Saturday, September 4, 2021

Yellow Buses and Redundant Transit, Updating Historic Survey in Grant - Bits

On the front page this week was a national story about problems with the yellow bus system.

The story wasn't specifically focused on 24J, but they are not immune to the trends, and we've already seen Cherriots announce some service reductions at the very time time they are trying to roll out new Sunday service. There's also a story in Eugene Weekly about Lane Transit having difficulty recruiting new drivers and retaining existing drivers. There are multiple factors in play, some very immediate, others more structural and longer-term.

The problems are a small crisis that also represent an opportunity.

We should rethink the redundancy in yellow bus service and transit service. If Cherriots and the School District weren't both running bus systems, we might be able to reallocate resources away from the duplication and actually serve more people in total. Maybe elementary schools still need some kind of yellow bus service, but students in middle school and high school could use Cherriots for many trips. We should think about shifting funding to a universal youth pass and to enhanced routes and frequency for bus lines near schools or other destinations serving youth.

Exclusionary impulses

In the City Manager's update from August 17th, there was a small bit about the Grant Neighborhood.

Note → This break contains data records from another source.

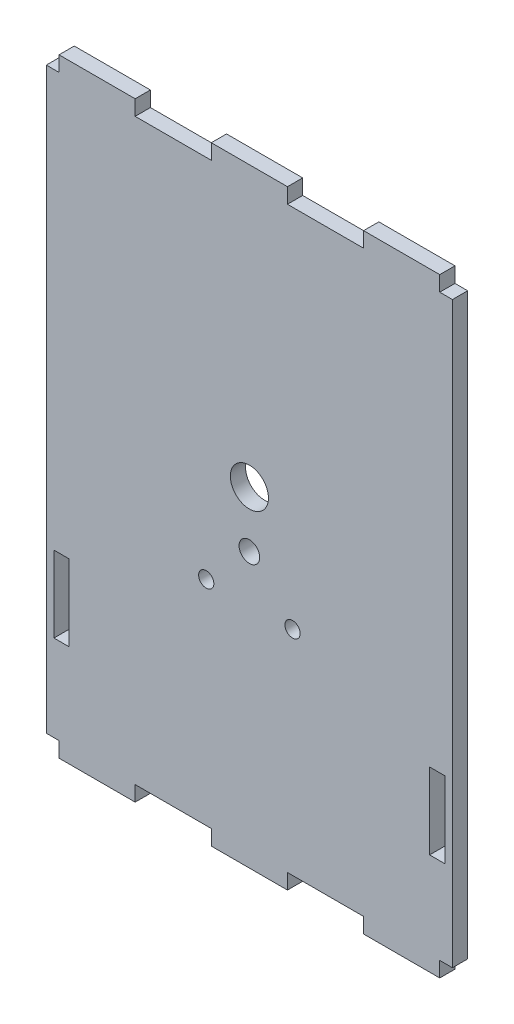
SolidWorks part; units mm, degrees
ref_plane "前视基准面" through (0, 0, 0) normal (0, 0, 1) x (1, 0, 0)
ref_plane "上视基准面" through (0, 0, 0) normal (0, 1, 0) x (1, 0, 0)
ref_plane "右视基准面" through (0, 0, 0) normal (1, 0, 0) x (0, 0, -1)
other "Configuration Table"
sketch "草图1" plane through (0, 0, 0) normal (0, 0, 1) x (1, 0, 0)
  line L0 (2.5, 3) -> (0, 3)
  line L2 (0, 3) -> (0, 117)
  line L4 (80, 3) -> (80, 117)
  line L5 (2.5, 0) -> (17.5, 0)
  line L6 (2.5, 0) -> (2.5, 3)
  line L8 (17.5, 0) -> (17.5, 3)
  line L9 (17.5, 3) -> (32.5, 3)
  line L10 (32.5, 0) -> (47.5, 0)
  line L11 (32.5, 0) -> (32.5, 3)
  line L13 (47.5, 0) -> (47.5, 3)
  line L14 (62.5, 0) -> (77.5, 0)
  line L15 (62.5, 0) -> (62.5, 3)
  line L17 (77.5, 0) -> (77.5, 3)
  line L18 (47.5, 3) -> (62.5, 3)
  line L19 (77.5, 3) -> (80, 3)
  line L20 (0, 120) -> (80, 0) construction
  line L21 (78.5, 20) -> (75.5, 20)
  line L22 (78.5, 20) -> (78.5, 35)
  line L23 (78.5, 35) -> (75.5, 35)
  line L24 (75.5, 20) -> (75.5, 35)
  line L25 (1.5, 20) -> (1.5, 35)
  line L26 (1.5, 35) -> (4.5, 35)
  line L27 (4.5, 20) -> (4.5, 35)
  line L28 (1.5, 20) -> (4.5, 20)
  line L29 (-20.6033, 60) -> (100.6033, 60) construction
  line L30 (77.5, 117) -> (80, 117)
  line L31 (77.5, 120) -> (77.5, 117)
  line L32 (77.5, 120) -> (62.5, 120)
  line L33 (62.5, 120) -> (62.5, 117)
  line L34 (47.5, 117) -> (62.5, 117)
  line L35 (47.5, 120) -> (47.5, 117)
  line L36 (2.5, 120) -> (17.5, 120)
  line L37 (32.5, 120) -> (32.5, 117)
  line L38 (17.5, 117) -> (32.5, 117)
  line L39 (2.5, 120) -> (2.5, 117)
  line L40 (17.5, 120) -> (17.5, 117)
  line L41 (32.5, 120) -> (47.5, 120)
  line L42 (2.5, 117) -> (0, 117)
  point P4 (80, 0)
  point P13 (17.5, 1.5)
  point P19 (62.5, 1.5)
  point P24 (0, 120)
  point P32 (40, 60)
  dimension "D3" = 15
  dimension "D4" = 3
  dimension "D5" = 2.5
  dimension "D6" = 15
  dimension "D7" = 15
  dimension "D8" = 3
  dimension "D9" = 15
  dimension "D10" = 1.5
  dimension "D11" = 20
  dimension "D12" = 20
  dimension "D13" = 1.5
  dimension "D14" = 3
extrude "凸台-拉伸1" add sketch "草图1" along normal blind 3
sketch "草图2" plane through (0, 0, 3) normal (0, 0, 1) x (1, 0, 0)
  line L0 (80, 3) -> (80, 117) construction
  line L1 (62.5, 0) -> (77.5, 0) construction
  line L2 (0, 117) -> (0, 3) construction
  line L4 (17.5, 120) -> (2.5, 120) construction
  line L5 (0, 120) -> (80, 0) construction
  line L6 (-9.3374, 60) -> (89.3374, 60) construction
  line L7 (-9.3374, 45) -> (89.3374, 45) construction
  line L8 (40, 60) -> (40, -2.9674) construction
  line L9 (32.5, 0) -> (47.5, 0) construction
  circle A0 centre (31.5, 45) radius 1.5
  circle A1 centre (48.5, 45) radius 1.5
  circle A2 centre (40, 54) radius 2.03
  circle A3 centre (40, 65) radius 3.75
  point P0 (80, 0)
  point P5 (0, 120)
  point P15 (40, 60)
  point P18 (40, 45)
  point P28 (40, 66.4776)
  dimension "D2" = 3
  dimension "D4" = 4.06
  dimension "D6" = 7.5
  dimension "D1" = 15
  dimension "D3" = 17
  dimension "D5" = 9
  dimension "D7" = 20
extrude "切除-拉伸1" cut sketch "草图2" against normal blind 10
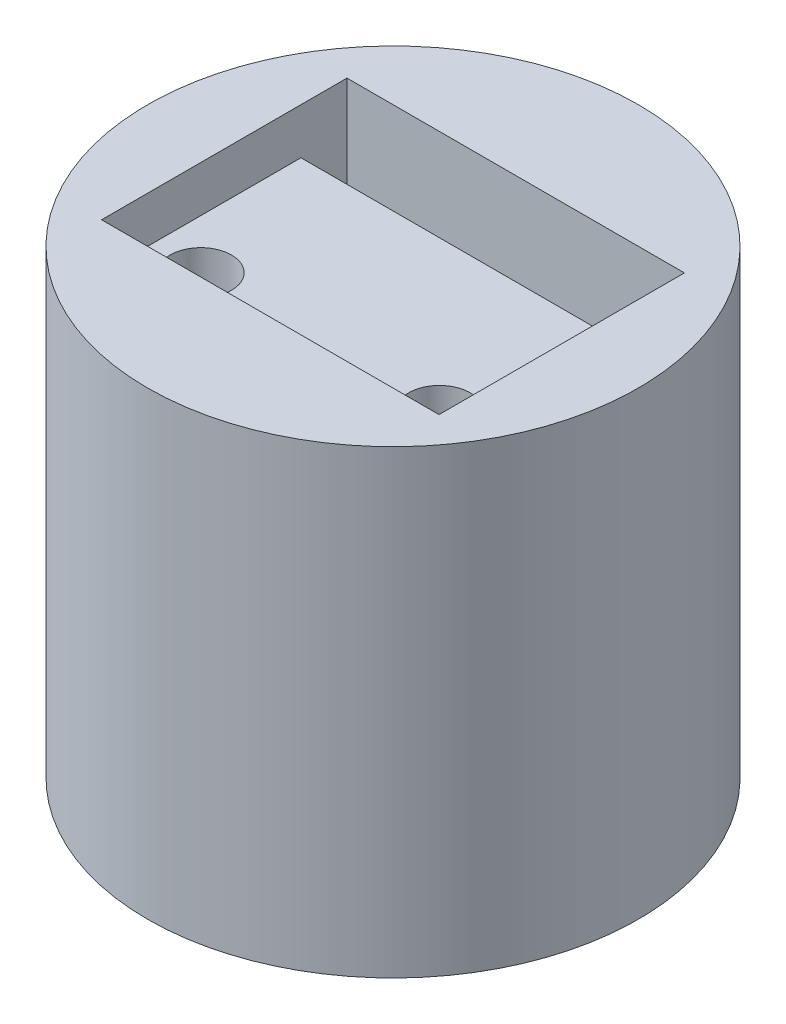
SolidWorks part; units mm, degrees
ref_plane "Front Plane" through (0, 0, 0) normal (0, 0, 1) x (1, 0, 0)
ref_plane "Top Plane" through (0, 0, 0) normal (0, 1, 0) x (1, 0, 0)
ref_plane "Right Plane" through (0, 0, 0) normal (1, 0, 0) x (0, 0, -1)
sketch "Sketch1" plane through (0, 0, 0) normal (0, 1, 0) x (1, 0, 0)
  circle A0 centre (0, 0) radius 16
  dimension "D1" = 32
extrude "Boss-Extrude1" add sketch "Sketch1" along normal blind 30
sketch "Sketch2" plane through (0, 30, 0) normal (0, 1, 0) x (1, 0, 0)
  line L1 (11, -8) -> (-11, -8)
  line L2 (11, -8) -> (11, 8)
  line L3 (11, 8) -> (-11, 8)
  line L4 (-11, -8) -> (-11, 8)
  line L5 (11, -8) -> (-11, 8) construction
  line L6 (11, 8) -> (-11, -8) construction
  point P0 (0, 0)
  dimension "D1" = 22
  dimension "D2" = 16
extrude "Cut-Extrude1" cut sketch "Sketch2" against normal blind 3
sketch "Sketch3" plane through (0, 27, 0) normal (0, 1, 0) x (1, 0, 0)
  line L0 (-11, 8) -> (-11, -8) construction
  circle A0 centre (-7.78, -4.7527) radius 1.6 construction
  circle A1 centre (7.78, -4.7527) radius 1.6 construction
  circle A2 centre (-7.78, -4.7527) radius 2
  circle A3 centre (7.78, -4.7527) radius 2
  dimension "D1" = 3.2
  dimension "D2" = 3.2
  dimension "D3" = 15.56
  dimension "D4" = 3.22
  dimension "D5" = 4
  dimension "D6" = 4
extrude "Cut-Extrude2" cut sketch "Sketch3" against normal blind 6.7
sketch "Sketch4" plane through (0, 27, 0) normal (0, 1, 0) x (1, 0, 0)
  line L0 (11, -8) -> (11, 8) construction
  line L1 (-11, 8) -> (11, 8)
  line L2 (-11, 8) -> (-11, 5)
  line L3 (-11, 5) -> (11, 5)
  line L4 (11, 8) -> (11, 5)
  dimension "D1" = 3
extrude "Cut-Extrude3" cut sketch "Sketch4" against normal blind 8.76
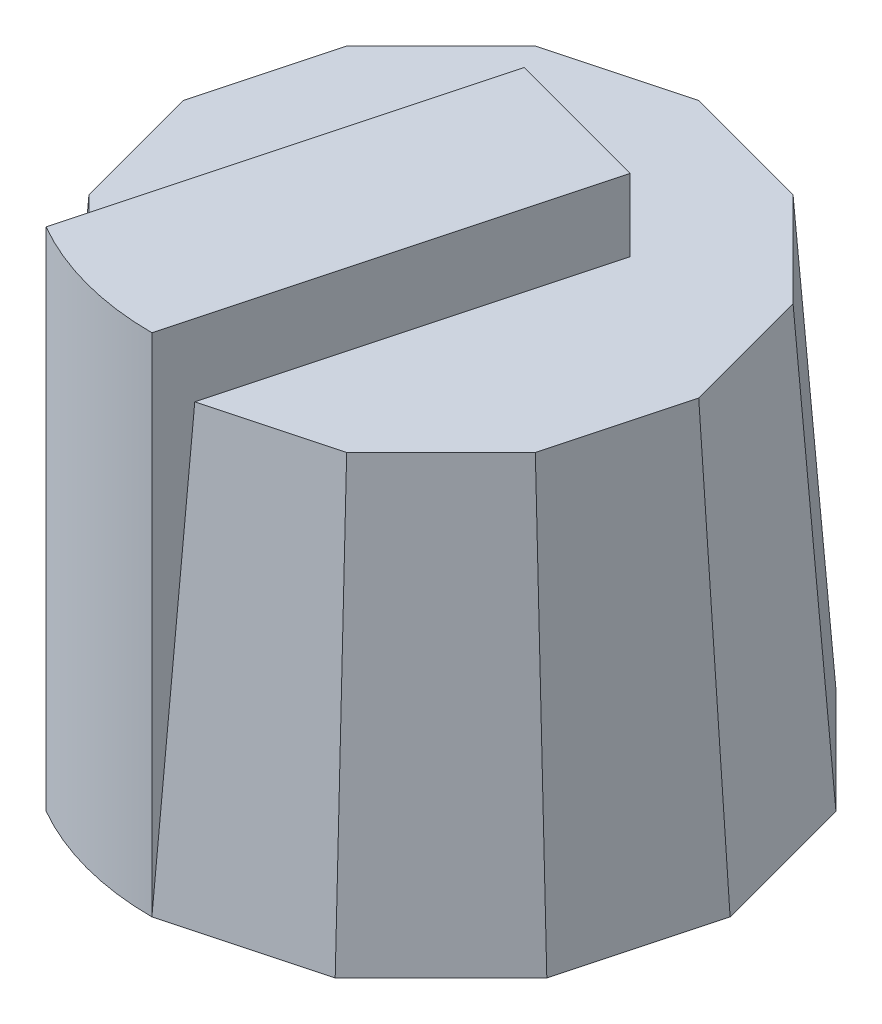
SolidWorks part; units mm, degrees
ref_plane "Front Plane" through (0, 0, 0) normal (0, 0, 1) x (1, 0, 0)
ref_plane "Top Plane" through (0, 0, 0) normal (0, 1, 0) x (1, 0, 0)
ref_plane "Right Plane" through (0, 0, 0) normal (1, 0, 0) x (0, 0, -1)
sketch "Sketch1" plane through (0, 0, 0) normal (0, 1, 0) x (1, 0, 0)
  line L0 (-20, 0) -> (-17.3205, -10)
  line L1 (20, 0) -> (17.3205, 10)
  line L2 (17.3205, 10) -> (10, 17.3205)
  line L3 (10, 17.3205) -> (0, 20)
  line L4 (0, 20) -> (-10, 17.3205)
  line L5 (-10, 17.3205) -> (-17.3205, 10)
  line L6 (-17.3205, 10) -> (-20, 0)
  line L7 (-17.3205, -10) -> (-10, -17.3205)
  line L8 (-10, -17.3205) -> (0, -20)
  line L9 (0, -20) -> (10, -17.3205)
  line L10 (10, -17.3205) -> (17.3205, -10)
  line L11 (17.3205, -10) -> (20, 0)
  circle A0 centre (0, 0) radius 19.3185 construction
  dimension "D1" = 20
extrude "Boss-Extrude1" add sketch "Sketch1" along normal blind 30 draft 4 contours L1 L2 L3 L4 L5 L6 L0 L7 L8 L9 L10 L11
sketch "Sketch3" plane through (0, 0, 0) normal (0, -1, 0) x (-1, 0, 0)
  line L0 (0, -20) -> (-10, -17.3205) construction
  line L1 (10, -17.3205) -> (0, -20)
  arc A0 (10, -17.3205) -> (0, -20) centre (0, 0) cw
extrude "Boss-Extrude2" add sketch "Sketch3" against normal blind 35 separate body
sketch "Sketch5" plane through (-5, 0, 18.6603) normal (0.2588, 0, -0.9659) x (-0.9659, 0, -0.2588)
  line L1 (5.1764, 35) -> (-5.1764, 35)
  line L2 (5.1764, 35) -> (5.1764, 0)
  line L3 (5.1764, 0) -> (-5.1764, 0)
  line L4 (-5.1764, 35) -> (-5.1764, 0)
extrude "Boss-Extrude3" add sketch "Sketch5" along normal blind 27

I have signed an agreement for a reconnaissance-level survey and National Registry of Historic Places Eligibility update for the Grant Neighborhood. The consultant will resurvey 120 parcels and update the existing state database. A report will be produced for the Historic Landmarks Commission.

This is likely a response to the German Baptist Church project and the zoning fight there as well as changes envisioned in Our Salem. 

Increasingly, historic designation is a tool for exclusionary ends and a way to avoid change. Several neighborhoods in Portland have sought this end-run around new zoning. From Willamette Week in 2017 on the Laurelhurst neighborhood in Portland:

Critics charge that by trying to save Laurelhurst from the wrecking ball, its residents are in fact erecting a wall to keep out newcomers, renters and people of modest means—making Laurelhurst an oasis of money in the midst of a housing shortage.

Former Metro Councilor Robert Liberty, who once headed 1000 Friends of Oregon, perhaps the state's leading land-use advocate, says Laurelhurst's agenda is contrary to that of progressive politics.

"The consequence [of seeking a historic designation] is pretty clear: It isolates those neighborhoods from shared responsibilities to be a more welcoming community and to accommodate the housing that's needed," Liberty says.

The details are not always the same from neighborhood to neighborhood, and city to city, and what might be the case in Laurelhurst is not exactly the situation in Grant, but as we change direct zoning laws in explicit ways to mitigate our housing crisis, using the indirect zoning of historic districts for exclusionary ends is increasingly attractive - and ostensibly a little virtuous even, because "history." But the real history of a city is change, not stasis.

This will be something to watch in Grant and other close-in neighborhoods. Because they are embedded in the older streetcar grid, and are our most walkable neighborhoods, they offer the greatest proximity to urban goods, and we should want to share these goods more widely.

For more on tensions with our Historic Preservation framework

And background on history of Salem zoning

And as trivia on our autoism, here's a note from 100 years ago on building more housing for cars than housing for people. "Last year [in 1920] we housed 20 per cent more autos than we did families....We are going to keep the paint bright on [Tin] Lizzie even if the baby has to sleep with the dog."